Schreiben zu wollen ohne das schützende Netz einer Rechtschreibprüfung, vorausgesetzt, man kann, ist gewagt. Dennoch, nichts geht über das sinnliche Vergnügen, Texte manuell mit edlem Schreibgerät auf haptisch anregendes Papier zu bringen. Soll doch der Lektor sehen, wie er sich durch Inhalte und Stimmungen fräst, die Leser werden die Direktheit und Spontanität zu schätzen wissen. Keine Änderung bleibt verborgen, formatiert vom Fachmann, Authentizität ist das Zauberwort. Schreiben zurückgeführt auf seine Wurzeln, alle großartigen Werke der Weltliteratur wurden schließlich ohne Computer zu Papier, sehr richtig, zu Papier gebracht, die älteren zumindest. Also Computer.

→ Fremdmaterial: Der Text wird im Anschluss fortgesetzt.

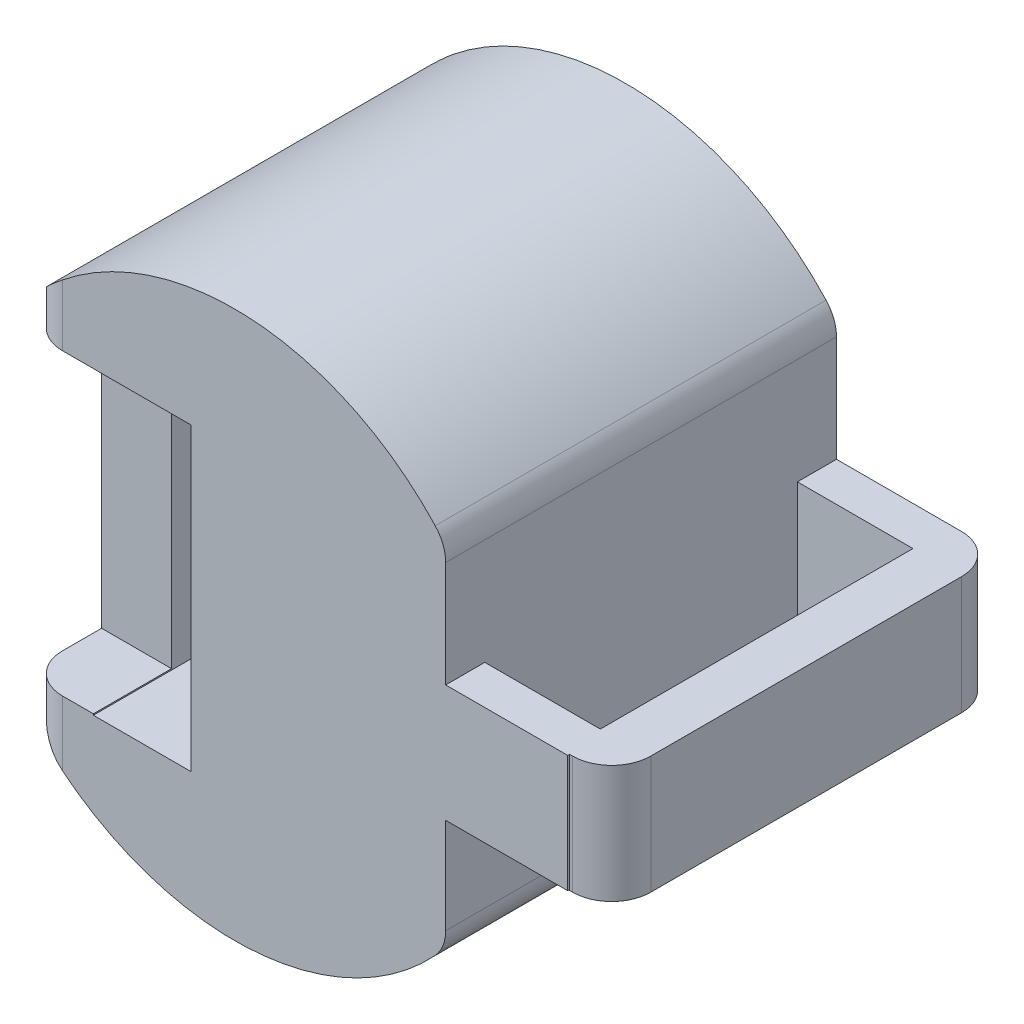
from build123d import *

# Parameters (mm, degrees)
SKETCH_1_R            = 7
EXTRUDE_1_DEPTH       = 10
SKETCH_9_W            = 7.120641766
SKETCH_9_H            = 4.534999238
EXTRUDE_6_DEPTH       = 1
SKETCH_11_W           = 1.257653538
SKETCH_11_H           = 9
EXTRUDE_7_DEPTH       = 4.5
EXTRUDE_8_DEPTH       = 6
FILLET_8_R            = 1
FILLET_9_R            = 1
CUT_EXTRUDE_1_DEPTH   = 10
SKETCH_14_W           = 1
SKETCH_14_H           = 3
EXTRUDE_9_DEPTH       = 3.122043073
SKETCH_15_W           = 1
SKETCH_15_H           = 3
EXTRUDE_10_DEPTH      = 4
EXTRUDE_11_DEPTH      = 0.2
EXTRUDE_11_DEPTH_BACK = 1.043632387
SKETCH_16_W           = 9.952294967
SKETCH_16_H           = 3.01746433
FILLET_11_R           = 1
FILLET_12_R           = 1
FILLET_13_R           = 1
FILLET_14_R           = 1
CUT_EXTRUDE_2_DEPTH   = 10
SKETCH_18_W           = 2.5
SKETCH_18_H           = 7.68123899
CUT_EXTRUDE_3_DEPTH   = 10
SKETCH_19_W           = 1.790352256
SKETCH_19_H           = 7.68123899
CUT_EXTRUDE_4_DEPTH   = 2
SKETCH_20_W           = 1.790352256
SKETCH_20_H           = 7.649055087
CUT_EXTRUDE_5_DEPTH   = 2
FILLET_15_R           = 1
FILLET_16_R           = 1
FILLET_17_R           = 1
FILLET_18_R           = 1


with BuildPart() as part:
    # 草圖1 → 填料-伸長1 (new body)
    with BuildSketch(Plane(origin=(0.382706605, 0, 0), x_dir=(1, 0, 0), z_dir=(0, 0, 1))):
        with Locations((-75.594417438, 2.55)):
            Circle(SKETCH_1_R)
    extrude(amount=EXTRUDE_1_DEPTH)

    # 草圖9 → 填料-伸長6 (add)
    with BuildSketch(Plane(origin=(6.127831546, 0, 9), x_dir=(1, 0, 0), z_dir=(0, 0, 1))):
        with Locations((-75.644850643, 2.267499619)):
            Rectangle(SKETCH_9_W, SKETCH_9_H)
    extrude(amount=EXTRUDE_6_DEPTH)



with BuildPart() as body_2:
    # 草圖11 → 填料-伸長7 (new body)
    with BuildSketch(Plane(origin=(9.574526933, 4.534999238, 0.48426017), x_dir=(1, 0, 0), z_dir=(0, 1, 0))):
        with Locations((-76.184774061, -4.5)):
            Rectangle(SKETCH_11_W, SKETCH_11_H)
    extrude(amount=-EXTRUDE_7_DEPTH)


with BuildPart() as part_1:
    add(part.part)

    add(body_2.part)  # 填料-伸長8 merges body 2
    # 草圖12 → 填料-伸長8 (add)
    with BuildSketch(Plane.ZY.offset(67.239073897)):
        Polygon((0.48426017, 4.534999238), (0.48426017, 0), (1.483647509, 0.034999238), (1.483647509, 4.534999238), align=None)
    extrude(amount=EXTRUDE_8_DEPTH)

    # 圓角8
    fillet_8_edges = [part_1.edges().sort_by_distance(p)[0] for p in [
        (-65.981420359, 2.284999238, 0.48426017),
    ]]
    fillet(fillet_8_edges, radius=FILLET_8_R)

    # 圓角9
    fillet_9_edges = [part_1.edges().sort_by_distance(p)[0] for p in [
        (-65.956698214, 2.267499619, 10),
    ]]
    fillet(fillet_9_edges, radius=FILLET_9_R - 0.0001)  # a hair under: the kernel refuses the full size

    # 草圖13 → 除料-伸長1 (cut)
    with BuildSketch(Plane(origin=(0, 0, 0), x_dir=(-1, 0, 0), z_dir=(0, 0, -1))):
        with BuildLine():
            Line((69.812827514, 7.005564937), (69.812827514, -1.905564937))
            ThreePointArc((69.812827514, -1.905564937), (67.081734981, 2.55), (69.812827514, 7.005564937))
        make_face()
    extrude(amount=-CUT_EXTRUDE_1_DEPTH, mode=Mode.SUBTRACT)


with BuildPart() as cut_extrude_1_kept_piece:
    # of the separate pieces the step leaves, the one the design keeps (cut_extrude_1_pieces_kept)
    add(part_1.part.solids().sort_by_distance((-69.812827514, 7.005564937, 10))[0])

    # 草圖14 → 填料-伸長9 (add)
    with BuildSketch(Plane(origin=(-69.812827514, 0, 0), x_dir=(0, 0, -1), z_dir=(1, 0, 0))):
        with Locations((-9.5, 2.417510407)):
            Rectangle(SKETCH_14_W, SKETCH_14_H)
    extrude(amount=EXTRUDE_9_DEPTH)

    # 草圖15 → 填料-伸長10 (add)
    with BuildSketch(Plane(origin=(-69.812827514, 0, 0), x_dir=(0, 0, -1), z_dir=(1, 0, 0))):
        with Locations((-0.5, 2.417510407)):
            Rectangle(SKETCH_15_W, SKETCH_15_H)
    extrude(amount=EXTRUDE_10_DEPTH)

    # 草圖16 → 填料-伸長11 (add, two sides: drawn at the far end of the back side and taken through both)
    with BuildSketch(Plane(origin=(-65.812827514, 0, 0), x_dir=(0, 0, -1), z_dir=(1, 0, 0)).offset(-EXTRUDE_11_DEPTH_BACK)):
        with Locations((-4.976147484, 2.408778242)):
            Rectangle(SKETCH_16_W, SKETCH_16_H)
    extrude(amount=EXTRUDE_11_DEPTH + EXTRUDE_11_DEPTH_BACK)

    # 圓角11
    fillet_11_edges = [cut_extrude_1_kept_piece.edges().sort_by_distance(p)[0] for p in [
        (-65.612827514, 2.408778242, 0),
    ]]
    fillet(fillet_11_edges, radius=FILLET_11_R)

    # 圓角12
    fillet_12_edges = [cut_extrude_1_kept_piece.edges().sort_by_distance(p)[0] for p in [
        (-65.612827514, 2.408778242, 9.952294967),
    ]]
    fillet(fillet_12_edges, radius=FILLET_12_R)

    # 圓角13
    fillet_13_edges = [cut_extrude_1_kept_piece.edges().sort_by_distance(p)[0] for p in [
        (-69.812827514, 7.005564937, 5),
    ]]
    fillet(fillet_13_edges, radius=FILLET_13_R)

    # 圓角14
    fillet_14_edges = [cut_extrude_1_kept_piece.edges().sort_by_distance(p)[0] for p in [
        (-69.812827514, -1.905564937, 5),
    ]]
    fillet(fillet_14_edges, radius=FILLET_14_R)

    # 草圖17 → 除料-伸長2 (cut)
    with BuildSketch(Plane(origin=(0, 0, 0), x_dir=(-1, 0, 0), z_dir=(0, 0, -1))):
        with BuildLine():
            Line((80.617907093, 6.99668888), (80.617907093, -1.89668888))
            ThreePointArc((80.617907093, -1.89668888), (82.589637241, 2.55), (80.617907093, 6.99668888))
        make_face()
    extrude(amount=-CUT_EXTRUDE_2_DEPTH, mode=Mode.SUBTRACT)

    # 草圖18 → 除料-伸長3 (cut)
    with BuildSketch(Plane(origin=(0, 0, 0), x_dir=(-1, 0, 0), z_dir=(0, 0, -1))):
        with Locations((77.577554837, 2.579171883)):
            Rectangle(SKETCH_18_W, SKETCH_18_H)
    extrude(amount=-CUT_EXTRUDE_3_DEPTH, mode=Mode.SUBTRACT)

    # 草圖19 → 除料-伸長4 (cut)
    with BuildSketch(Plane(origin=(0, 0, 0), x_dir=(-1, 0, 0), z_dir=(0, 0, -1))):
        with Locations((79.722730965, 2.579171883)):
            Rectangle(SKETCH_19_W, SKETCH_19_H)
    extrude(amount=-CUT_EXTRUDE_4_DEPTH, mode=Mode.SUBTRACT)

    # 草圖20 → 除料-伸長5 (cut)
    with BuildSketch(Plane.XY.offset(10)):
        with Locations((-79.722730965, 2.595263834)):
            Rectangle(SKETCH_20_W, SKETCH_20_H)
    extrude(amount=-CUT_EXTRUDE_5_DEPTH, mode=Mode.SUBTRACT)

    # 圓角15
    fillet_15_edges = [cut_extrude_1_kept_piece.edges().sort_by_distance(p)[0] for p in [
        (-80.617907093, 6.708240129, 0),
    ]]
    fillet(fillet_15_edges, radius=FILLET_15_R)

    # 圓角16
    fillet_16_edges = [cut_extrude_1_kept_piece.edges().sort_by_distance(p)[0] for p in [
        (-80.617907093, 6.708240129, 10),
    ]]
    fillet(fillet_16_edges, radius=FILLET_16_R)

    # 圓角17
    fillet_17_edges = [cut_extrude_1_kept_piece.edges().sort_by_distance(p)[0] for p in [
        (-80.617907093, -1.579068246, 0),
    ]]
    fillet(fillet_17_edges, radius=FILLET_17_R)

    # 圓角18
    fillet_18_edges = [cut_extrude_1_kept_piece.edges().sort_by_distance(p)[0] for p in [
        (-80.617907093, -1.562976295, 10),
    ]]
    fillet(fillet_18_edges, radius=FILLET_18_R)


solid = cut_extrude_1_kept_piece.part

„Das kannst du nicht machen. Völlig idiotisch, wie kannst du deine Hauptfigur Michael nennen, mit Einzelheiten aus deinem Leben versehen und auch Freunde von dir beschreiben? Du bist doch kein Schriftsteller, der einen Roman…“
„Was heißt, kein Schriftsteller? Meinst du etwa, ich sitze hier an meiner Autobiographie, schreibe meine Memoiren oder so…“
„Sieht doch fast so aus, oder?“
„Klar, mein Engel. Deutscher Gründer, jung, dynamisch, erfolglos, stellt auf der Buchmesse seine mit Spannung erwarteten Erinnerungen vor. So ein Blödsinn. Wer will denn so was lesen?“
„Wer, meinst du, wird einen Roman von dir lesen?“
„Ich danke für dein Vertrauen. Auch Arthur Miller hat mal seinen ersten Roman geschrieben, auch Hemingway, Proust, sogar Grass fing irgendwann mit schreiben an. Also!“
Bitte, Weib, sag jetzt nichts.
„Die hatten aber auch ein außergewöhnliches Talent…“
Danke.
„Sag mal, hast du nichts anderes zu tun, als Zeit in ein Projekt zu stecken, das wie so viele andere Schnapsideen auch wieder im Sande verläuft?“
Schwierige Entscheidung. Türen knallen? Ihr selbst mangelnde Kreativität vorwerfen?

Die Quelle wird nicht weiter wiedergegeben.